Instructions to follow: Read the records below and report each line in which "dimension" occurs.
--- Information provided Enclosed Below ---
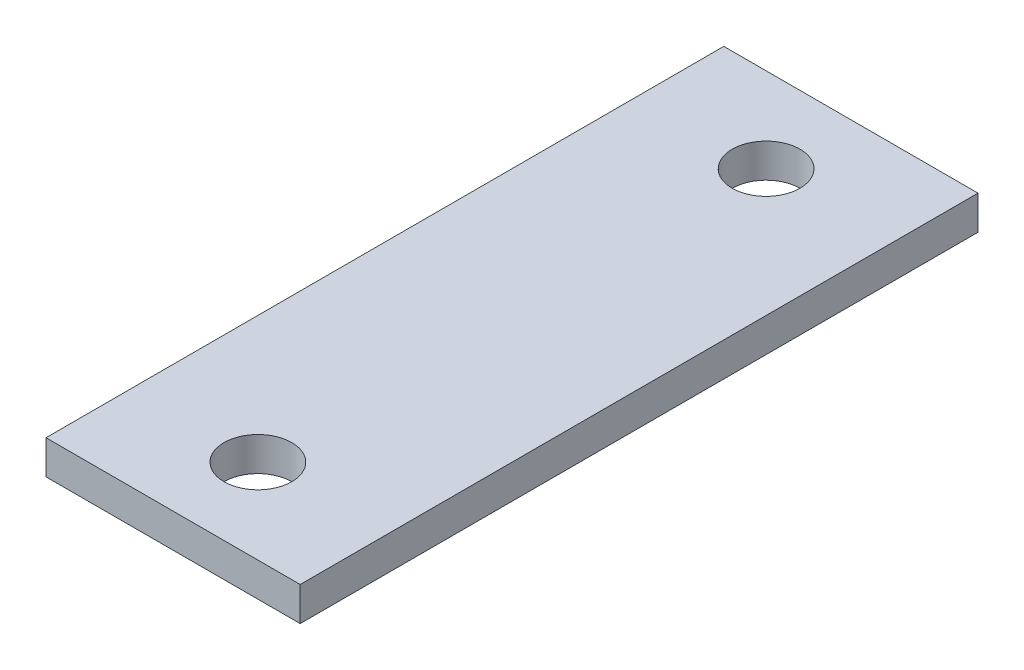
SolidWorks part; units mm, degrees
material "AISI 304"
ref_plane "Front Plane" through (0, 0, 0) normal (0, 0, 1) x (1, 0, 0)
ref_plane "Top Plane" through (0, 0, 0) normal (0, 1, 0) x (1, 0, 0)
ref_plane "Right Plane" through (0, 0, 0) normal (1, 0, 0) x (0, 0, -1)
sketch "Sketch2" plane through (0, 0, 0) normal (0, 1, 0) x (1, 0, 0)
  line L1 (7.5, -20) -> (-7.5, -20)
  line L2 (7.5, -20) -> (7.5, 20)
  line L3 (7.5, 20) -> (-7.5, 20)
  line L4 (-7.5, -20) -> (-7.5, 20)
  line L5 (7.5, -20) -> (-7.5, 20) construction
  line L6 (7.5, 20) -> (-7.5, -20) construction
  point P0 (0, 0)
  dimension "D1" = 15
  dimension "D2" = 40
extrude "Boss-Extrude1" add sketch "Sketch2" along normal blind 2
sketch "Sketch3" plane through (0, 0, 0) normal (0, -1, 0) x (-1, 0, 0)
  circle A0 centre (0, 0) radius 1.5
  dimension "D1" = 3
extrude "Cut-Extrude1" cut sketch "Sketch3" against normal blind 0.5
sketch "Sketch4" plane through (0, 2, 0) normal (0, 1, 0) x (1, 0, 0)
  line L0 (-7.5, 0) -> (7.5, 0) construction
  line L1 (7.5, 20) -> (-7.5, 20) construction
  line L2 (0, 20) -> (0, 10) construction
  line L3 (-7.5, 20) -> (-7.5, -20) construction
  line L5 (7.5, -20) -> (7.5, 20) construction
  circle A0 centre (0, 14.9955) radius 2
  circle A1 centre (0, -14.9955) radius 2
  dimension "D1" = 4
extrude "Cut-Extrude2" cut sketch "Sketch4" against normal blind 10
--- End of Enclosed Information provided ---
Solution to this task:
  dimension "D1" = 15
  dimension "D2" = 40
  dimension "D1" = 3
  dimension "D1" = 4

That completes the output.